Begin at the line below that has "line L6 (11.3538, 133.985)" and stop after the line that has "arc A2 (26.035, 148.6662)". Please restate only those lines, word for word.

**Data**
*** Block opens ***

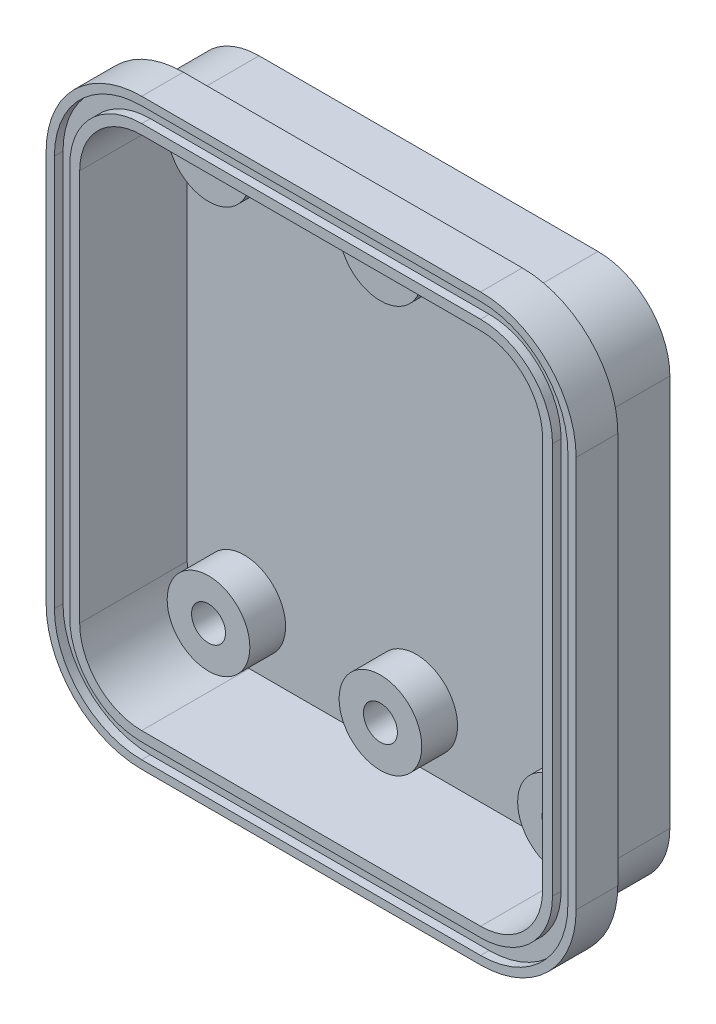
SolidWorks part; units mm, degrees
material "ABS"
ref_plane "X-Y Datum" through (0, 0, 0) normal (0, 0, 1) x (1, 0, 0)
ref_plane "X-Z Datum" through (0, 0, 0) normal (0, 1, 0) x (1, 0, 0)
ref_plane "Y-Z Datum" through (0, 0, 0) normal (1, 0, 0) x (0, 0, -1)
sketch "Sketch1" plane through (0, 0, 0) normal (0, 0, 1) x (1, 0, 0)
  line L0 (26.035, 143.51) -> (78.105, 143.51)
  line L5 (20.066, 67.818) -> (84.074, 67.818) construction
  line L6 (20.066, 67.818) -> (20.066, 139.954) construction
  line L7 (20.066, 139.954) -> (84.074, 139.954) construction
  line L8 (84.074, 67.818) -> (84.074, 139.954) construction
  line L9 (20.066, 67.818) -> (84.074, 139.954) construction
  line L10 (20.066, 139.954) -> (84.074, 67.818) construction
  line L11 (87.63, 73.787) -> (87.63, 133.985)
  line L12 (26.035, 64.262) -> (78.105, 64.262)
  line L13 (16.51, 73.787) -> (16.51, 133.985)
  line L14 (16.51, 143.51) -> (87.63, 143.51) construction
  line L15 (87.63, 64.262) -> (87.63, 143.51) construction
  line L16 (16.51, 64.262) -> (87.63, 64.262) construction
  line L17 (16.51, 64.262) -> (16.51, 143.51) construction
  circle A0 centre (25.292, 135.128) radius 2.1 construction
  circle A1 centre (51.708, 135.128) radius 2.1 construction
  circle A2 centre (79.14, 135.128) radius 2.1 construction
  circle A3 centre (51.708, 72.644) radius 2.1 construction
  circle A4 centre (79.14, 72.644) radius 2.1 construction
  circle A5 centre (25.292, 72.644) radius 2.1 construction
  arc A6 (78.105, 143.51) -> (87.63, 133.985) centre (78.105, 133.985) cw
  arc A7 (87.63, 73.787) -> (78.105, 64.262) centre (78.105, 73.787) cw
  arc A8 (26.035, 64.262) -> (16.51, 73.787) centre (26.035, 73.787) cw
  arc A9 (26.035, 143.51) -> (16.51, 133.985) centre (26.035, 133.985) ccw
  point P18 (52.07, 103.886)
  dimension "D2" = 9.525
  dimension "D1" = 3.556
extrude "Boss-Extrude1" add sketch "Sketch1" along normal blind 16.51 contours L13 A9 L0 A6 L11 A7 L12 A8
shell "Shell1" thickness 1.524
sketch "Sketch2" plane through (0, 0, 0) normal (0, 0, 1) x (1, 0, 0)
  circle A0 centre (25.292, 135.128) radius 6.35
  circle A1 centre (51.708, 135.128) radius 6.35
  circle A3 centre (79.14, 135.128) radius 6.35
  circle A4 centre (25.292, 72.644) radius 6.35
  circle A5 centre (51.708, 72.644) radius 6.35
  circle A6 centre (79.14, 72.644) radius 6.35
  circle A7 centre (25.292, 135.128) radius 2.608
  circle A8 centre (51.708, 135.128) radius 2.608
  circle A9 centre (79.14, 135.128) radius 2.608
  circle A10 centre (25.292, 72.644) radius 2.608
  circle A11 centre (51.708, 72.644) radius 2.608
  circle A12 centre (79.14, 72.644) radius 2.608
extrude "Boss-Extrude2" add sketch "Sketch2" along normal blind 5.5
sketch "Sketch7" plane through (0, 0, 16.51) normal (0, 0, 1) x (1, 0, 0)
  line L17 (78.105, 145.034) -> (26.035, 145.034)
  line L18 (14.986, 133.985) -> (14.986, 73.787)
  line L19 (26.035, 62.738) -> (78.105, 62.738)
  line L20 (89.154, 73.787) -> (89.154, 133.985)
  line L21 (12.6238, 133.985) -> (12.6238, 73.787)
  line L22 (26.035, 60.3758) -> (78.105, 60.3758)
  line L23 (91.5162, 73.787) -> (91.5162, 133.985)
  line L24 (78.105, 147.3962) -> (26.035, 147.3962)
  line L25 (12.6238, 133.985) -> (12.6238, 73.787)
  line L26 (26.035, 60.3758) -> (78.105, 60.3758)
  line L27 (91.5162, 73.787) -> (91.5162, 133.985)
  line L28 (78.105, 147.3962) -> (26.035, 147.3962)
  line L29 (78.105, 148.6662) -> (26.035, 148.6662)
  line L30 (11.3538, 133.985) -> (11.3538, 73.787)
  line L31 (26.035, 59.1058) -> (78.105, 59.1058)
  line L32 (92.7862, 73.787) -> (92.7862, 133.985)
  arc A22 (26.035, 145.034) -> (14.986, 133.985) centre (26.035, 133.985) ccw
  arc A23 (14.986, 73.787) -> (26.035, 62.738) centre (26.035, 73.787) ccw
  arc A24 (78.105, 62.738) -> (89.154, 73.787) centre (78.105, 73.787) ccw
  arc A25 (26.035, 148.6662) -> (11.3538, 133.985) centre (26.035, 133.985) ccw
  arc A26 (12.6238, 73.787) -> (26.035, 60.3758) centre (26.035, 73.787) ccw
  arc A27 (78.105, 60.3758) -> (91.5162, 73.787) centre (78.105, 73.787) ccw
  arc A28 (91.5162, 133.985) -> (78.105, 147.3962) centre (78.105, 133.985) ccw
  arc A29 (26.035, 147.3962) -> (12.6238, 133.985) centre (26.035, 133.985) ccw
  arc A30 (12.6238, 73.787) -> (26.035, 60.3758) centre (26.035, 73.787) ccw
  arc A31 (78.105, 60.3758) -> (91.5162, 73.787) centre (78.105, 73.787) ccw
  arc A32 (91.5162, 133.985) -> (78.105, 147.3962) centre (78.105, 133.985) ccw
  arc A33 (26.035, 147.3962) -> (12.6238, 133.985) centre (26.035, 133.985) ccw
  arc A34 (11.3538, 73.787) -> (26.035, 59.1058) centre (26.035, 73.787) ccw
  arc A35 (78.105, 59.1058) -> (92.7862, 73.787) centre (78.105, 73.787) ccw
  arc A36 (92.7862, 133.985) -> (78.105, 148.6662) centre (78.105, 133.985) ccw
  dimension "D1" = 2.3622
  dimension "D2" = 2.3622
  dimension "D3" = 1.27
extrude "Boss-Extrude9" add sketch "Sketch7" against normal blind 1.3208 separate body contours L32 A36 L29 A25 L30 A34 L31 A35 A33 L28 A32 L27 A31 L26 A30 L25
sketch "Sketch8" plane through (0, 0, 15.1892) normal (0, 0, -1) x (-1, 0, 0)
  line L8 (-11.3538, 73.787) -> (-11.3538, 133.985)
  line L9 (-26.035, 148.6662) -> (-78.105, 148.6662)
  line L10 (-11.3538, 73.787) -> (-11.3538, 133.985)
  line L11 (-26.035, 148.6662) -> (-78.105, 148.6662)
  line L13 (-92.7862, 73.787) -> (-92.7862, 133.985)
  line L14 (-92.7862, 73.787) -> (-92.7862, 133.985)
  line L16 (-26.035, 59.1058) -> (-78.105, 59.1058)
  line L17 (-26.035, 59.1058) -> (-78.105, 59.1058)
  line L20 (-26.035, 145.034) -> (-78.105, 145.034)
  line L21 (-26.035, 145.034) -> (-78.105, 145.034)
  line L33 (-89.154, 133.985) -> (-89.154, 73.787)
  line L34 (-78.105, 62.738) -> (-26.035, 62.738)
  line L35 (-14.986, 73.787) -> (-14.986, 133.985)
  line L36 (-89.154, 133.985) -> (-89.154, 73.787)
  line L37 (-78.105, 62.738) -> (-26.035, 62.738)
  line L38 (-14.986, 73.787) -> (-14.986, 133.985)
  arc A11 (-92.7862, 73.787) -> (-78.105, 59.1058) centre (-78.105, 73.787) ccw
  arc A12 (-26.035, 59.1058) -> (-11.3538, 73.787) centre (-26.035, 73.787) ccw
  arc A13 (-11.3538, 133.985) -> (-26.035, 148.6662) centre (-26.035, 133.985) ccw
  arc A14 (-78.105, 148.6662) -> (-92.7862, 133.985) centre (-78.105, 133.985) ccw
  arc A15 (-26.035, 59.1058) -> (-11.3538, 73.787) centre (-26.035, 73.787) ccw
  arc A16 (-11.3538, 133.985) -> (-26.035, 148.6662) centre (-26.035, 133.985) ccw
  arc A17 (-78.105, 148.6662) -> (-92.7862, 133.985) centre (-78.105, 133.985) ccw
  arc A18 (-92.7862, 73.787) -> (-78.105, 59.1058) centre (-78.105, 73.787) ccw
  arc A24 (-14.986, 133.985) -> (-26.035, 145.034) centre (-26.035, 133.985) ccw
  arc A25 (-78.105, 145.034) -> (-89.154, 133.985) centre (-78.105, 133.985) ccw
  arc A26 (-14.986, 133.985) -> (-26.035, 145.034) centre (-26.035, 133.985) ccw
  arc A27 (-78.105, 145.034) -> (-89.154, 133.985) centre (-78.105, 133.985) ccw
  arc A32 (-78.105, 145.034) -> (-89.154, 133.985) centre (-78.105, 133.985) ccw
  arc A34 (-89.154, 73.787) -> (-78.105, 62.738) centre (-78.105, 73.787) ccw
  arc A35 (-26.035, 62.738) -> (-14.986, 73.787) centre (-26.035, 73.787) ccw
  arc A36 (-89.154, 73.787) -> (-78.105, 62.738) centre (-78.105, 73.787) ccw
  arc A37 (-26.035, 62.738) -> (-14.986, 73.787) centre (-26.035, 73.787) ccw
  arc M17 (-26.035, 147.3962) -> (-12.6238, 133.985) centre (-26.035, 133.985) cw
  line M18 (-12.6238, 133.985) -> (-12.6238, 73.787)
  arc M19 (-12.6238, 73.787) -> (-26.035, 60.3758) centre (-26.035, 73.787) cw
  line M20 (-26.035, 60.3758) -> (-78.105, 60.3758)
  arc M21 (-78.105, 60.3758) -> (-91.5162, 73.787) centre (-78.105, 73.787) cw
  line M22 (-91.5162, 73.787) -> (-91.5162, 133.985)
  arc M23 (-91.5162, 133.985) -> (-78.105, 147.3962) centre (-78.105, 133.985) cw
  line M24 (-78.105, 147.3962) -> (-26.035, 147.3962)
  line M25 (-92.7862, 133.985) -> (-92.7862, 73.787)
  arc M26 (-92.7862, 73.787) -> (-78.105, 59.1058) centre (-78.105, 73.787) ccw
  line M27 (-78.105, 59.1058) -> (-26.035, 59.1058)
  arc M28 (-26.035, 59.1058) -> (-11.3538, 73.787) centre (-26.035, 73.787) ccw
  line M29 (-11.3538, 73.787) -> (-11.3538, 133.985)
  arc M30 (-11.3538, 133.985) -> (-26.035, 148.6662) centre (-26.035, 133.985) ccw
  line M31 (-26.035, 148.6662) -> (-78.105, 148.6662)
  arc M32 (-78.105, 148.6662) -> (-92.7862, 133.985) centre (-78.105, 133.985) ccw
  dimension "D1" = 0
  dimension "D2" = 0
  dimension "D3" = 0
  dimension "D4" = 0
  dimension "D5" = 0
  dimension "D6" = 0
extrude "Boss-Extrude10" add sketch "Sketch8" along normal blind 5.08 contours M32 M25 M26 M27 M28 M29 M30 M31 M24 M17 M18 M19 M20 M21 M22 M23 | A37 L37 A36 L36 A27 L21 A26 L38 M17 M24 M23 M22 M21 M20 M19 M18
sketch "Sketch9" plane through (0, 0, 16.51) normal (0, 0, 1) x (1, 0, 0)
  line L0 (78.105, 148.6662) -> (26.035, 148.6662) construction
  line L1 (11.3538, 103.886) -> (106.4794, 103.886) construction
  line L2 (11.1637, 155.2063) -> (26.035, 155.2063)
  line L3 (52.07, 64.262) -> (52.07, 112.9369) construction
  line L4 (26.035, 155.2063) -> (26.035, 148.6662)
  line L5 (4.8137, 148.8563) -> (4.8137, 133.985)
  line L6 (11.3538, 133.985) -> (4.8137, 133.985)
  line L7 (45.72, 155.0162) -> (45.72, 148.6662)
  line L8 (45.72, 148.6662) -> (58.42, 148.6662)
  line L9 (58.42, 148.6662) -> (58.42, 155.0162)
  line L10 (4.8137, 110.236) -> (11.3538, 110.236)
  line L11 (11.3538, 133.985) -> (11.3538, 73.787) construction
  line L12 (11.3538, 110.236) -> (11.3538, 97.536)
  line L13 (11.3538, 97.536) -> (4.8137, 97.536)
  line L14 (92.7862, 133.985) -> (99.3263, 133.985)
  line L15 (99.3263, 148.8563) -> (99.3263, 133.985)
  line L16 (92.9763, 155.2063) -> (78.105, 155.2063)
  line L17 (78.105, 155.2063) -> (78.105, 148.6662)
  line L18 (78.105, 52.5657) -> (78.105, 59.1058)
  line L19 (92.9763, 52.5657) -> (78.105, 52.5657)
  line L20 (99.3263, 58.9157) -> (99.3263, 73.787)
  line L21 (92.7862, 73.787) -> (99.3263, 73.787)
  line L22 (58.42, 59.1058) -> (58.42, 52.7558)
  line L23 (45.72, 59.1058) -> (58.42, 59.1058)
  line L24 (45.72, 52.7558) -> (45.72, 59.1058)
  line L25 (11.3538, 73.787) -> (4.8137, 73.787)
  line L26 (4.8137, 58.9157) -> (4.8137, 73.787)
  line L27 (11.1637, 52.5657) -> (26.035, 52.5657)
  line L28 (26.035, 52.5657) -> (26.035, 59.1058)
  line L29 (99.3263, 110.236) -> (92.7862, 110.236)
  line L30 (92.7862, 97.536) -> (99.3263, 97.536)
  line L31 (92.7862, 110.236) -> (92.7862, 97.536)
  arc A0 (11.1637, 155.2063) -> (4.8137, 148.8563) centre (11.1637, 148.8563) ccw
  arc A2 (26.035, 148.6662) -> (11.3538, 133.985) centre (26.035, 133.985) ccw construction
  arc A3 (58.42, 155.0162) -> (45.72, 155.0162) centre (52.07, 155.0162) ccw
  arc A8 (4.8137, 110.236) -> (4.8137, 97.536) centre (4.8137, 103.886) ccw
  arc A10 (11.3538, 133.985) -> (26.035, 148.6662) centre (26.035, 133.985) cw
  circle A11 centre (11.1637, 148.8563) radius 2.625
  circle A12 centre (52.07, 155.0162) radius 2.625
  circle A13 centre (4.8137, 103.886) radius 2.625
  circle A14 centre (92.9763, 148.8563) radius 2.625
  arc A15 (92.9763, 155.2063) -> (99.3263, 148.8563) centre (92.9763, 148.8563) cw
  arc A16 (92.7862, 133.985) -> (78.105, 148.6662) centre (78.105, 133.985) ccw
  circle A17 centre (92.9763, 58.9157) radius 2.625
  arc A18 (92.7862, 73.787) -> (78.105, 59.1058) centre (78.105, 73.787) cw
  arc A19 (92.9763, 52.5657) -> (99.3263, 58.9157) centre (92.9763, 58.9157) ccw
  circle A20 centre (52.07, 52.7558) radius 2.625
  arc A21 (58.42, 52.7558) -> (45.72, 52.7558) centre (52.07, 52.7558) cw
  circle A22 centre (11.1637, 58.9157) radius 2.625
  arc A23 (11.1637, 52.5657) -> (4.8137, 58.9157) centre (11.1637, 58.9157) cw
  arc A24 (11.3538, 73.787) -> (26.035, 59.1058) centre (26.035, 73.787) ccw
  circle A25 centre (99.3263, 103.886) radius 2.625
  arc A26 (99.3263, 110.236) -> (99.3263, 97.536) centre (99.3263, 103.886) cw
  point P4 (15.6538, 144.3662)
  point P5 (52.07, 148.6662)
  point P7 (15.6538, 144.3662)
extrude "Boss-Extrude11" [suppressed] add sketch "Sketch9" against normal up to surface (6.4008 mm away)
fillet "Fillet2" [suppressed] radius 2.54
sketch "Sketch10" plane through (0, 0, 16.51) normal (0, 0, 1) x (1, 0, 0)
  line L8 (11.3538, 133.985) -> (11.3538, 73.787)
  line L9 (78.105, 148.6662) -> (26.035, 148.6662)
  line L10 (11.3538, 133.985) -> (11.3538, 73.787)
  line L11 (78.105, 148.6662) -> (26.035, 148.6662)
  line L16 (92.7862, 73.787) -> (92.7862, 133.985)
  line L17 (26.035, 59.1058) -> (78.105, 59.1058)
  line L18 (92.7862, 73.787) -> (92.7862, 133.985)
  line L19 (26.035, 59.1058) -> (78.105, 59.1058)
  arc A6 (11.3538, 73.787) -> (26.035, 59.1058) centre (26.035, 73.787) ccw
  arc A7 (26.035, 148.6662) -> (11.3538, 133.985) centre (26.035, 133.985) ccw
  arc A8 (11.3538, 73.787) -> (26.035, 59.1058) centre (26.035, 73.787) ccw
  arc A9 (26.035, 148.6662) -> (11.3538, 133.985) centre (26.035, 133.985) ccw
  arc A11 (78.105, 59.1058) -> (92.7862, 73.787) centre (78.105, 73.787) ccw
  arc A12 (78.105, 59.1058) -> (92.7862, 73.787) centre (78.105, 73.787) ccw
  circle A13 centre (25.292, 135.128) radius 2.1
  arc A14 (92.7862, 133.985) -> (78.105, 148.6662) centre (78.105, 133.985) ccw
  arc A15 (92.7862, 133.985) -> (78.105, 148.6662) centre (78.105, 133.985) ccw
  circle A16 centre (51.708, 135.128) radius 2.1
  circle A17 centre (79.14, 135.128) radius 2.1
  circle A18 centre (79.14, 72.644) radius 2.1
  circle A19 centre (51.708, 72.644) radius 2.1
  circle A20 centre (25.292, 72.644) radius 2.1
  dimension "D1" = 0
  dimension "D2" = 0
  dimension "D3" = 0

*** Block closes ***

**Response to the task**
  line L6 (11.3538, 133.985) -> (4.8137, 133.985)
  line L7 (45.72, 155.0162) -> (45.72, 148.6662)
  line L8 (45.72, 148.6662) -> (58.42, 148.6662)
  line L9 (58.42, 148.6662) -> (58.42, 155.0162)
  line L10 (4.8137, 110.236) -> (11.3538, 110.236)
  line L11 (11.3538, 133.985) -> (11.3538, 73.787) construction
  line L12 (11.3538, 110.236) -> (11.3538, 97.536)
  line L13 (11.3538, 97.536) -> (4.8137, 97.536)
  line L14 (92.7862, 133.985) -> (99.3263, 133.985)
  line L15 (99.3263, 148.8563) -> (99.3263, 133.985)
  line L16 (92.9763, 155.2063) -> (78.105, 155.2063)
  line L17 (78.105, 155.2063) -> (78.105, 148.6662)
  line L18 (78.105, 52.5657) -> (78.105, 59.1058)
  line L19 (92.9763, 52.5657) -> (78.105, 52.5657)
  line L20 (99.3263, 58.9157) -> (99.3263, 73.787)
  line L21 (92.7862, 73.787) -> (99.3263, 73.787)
  line L22 (58.42, 59.1058) -> (58.42, 52.7558)
  line L23 (45.72, 59.1058) -> (58.42, 59.1058)
  line L24 (45.72, 52.7558) -> (45.72, 59.1058)
  line L25 (11.3538, 73.787) -> (4.8137, 73.787)
  line L26 (4.8137, 58.9157) -> (4.8137, 73.787)
  line L27 (11.1637, 52.5657) -> (26.035, 52.5657)
  line L28 (26.035, 52.5657) -> (26.035, 59.1058)
  line L29 (99.3263, 110.236) -> (92.7862, 110.236)
  line L30 (92.7862, 97.536) -> (99.3263, 97.536)
  line L31 (92.7862, 110.236) -> (92.7862, 97.536)
  arc A0 (11.1637, 155.2063) -> (4.8137, 148.8563) centre (11.1637, 148.8563) ccw
  arc A2 (26.035, 148.6662) -> (11.3538, 133.985) centre (26.035, 133.985) ccw construction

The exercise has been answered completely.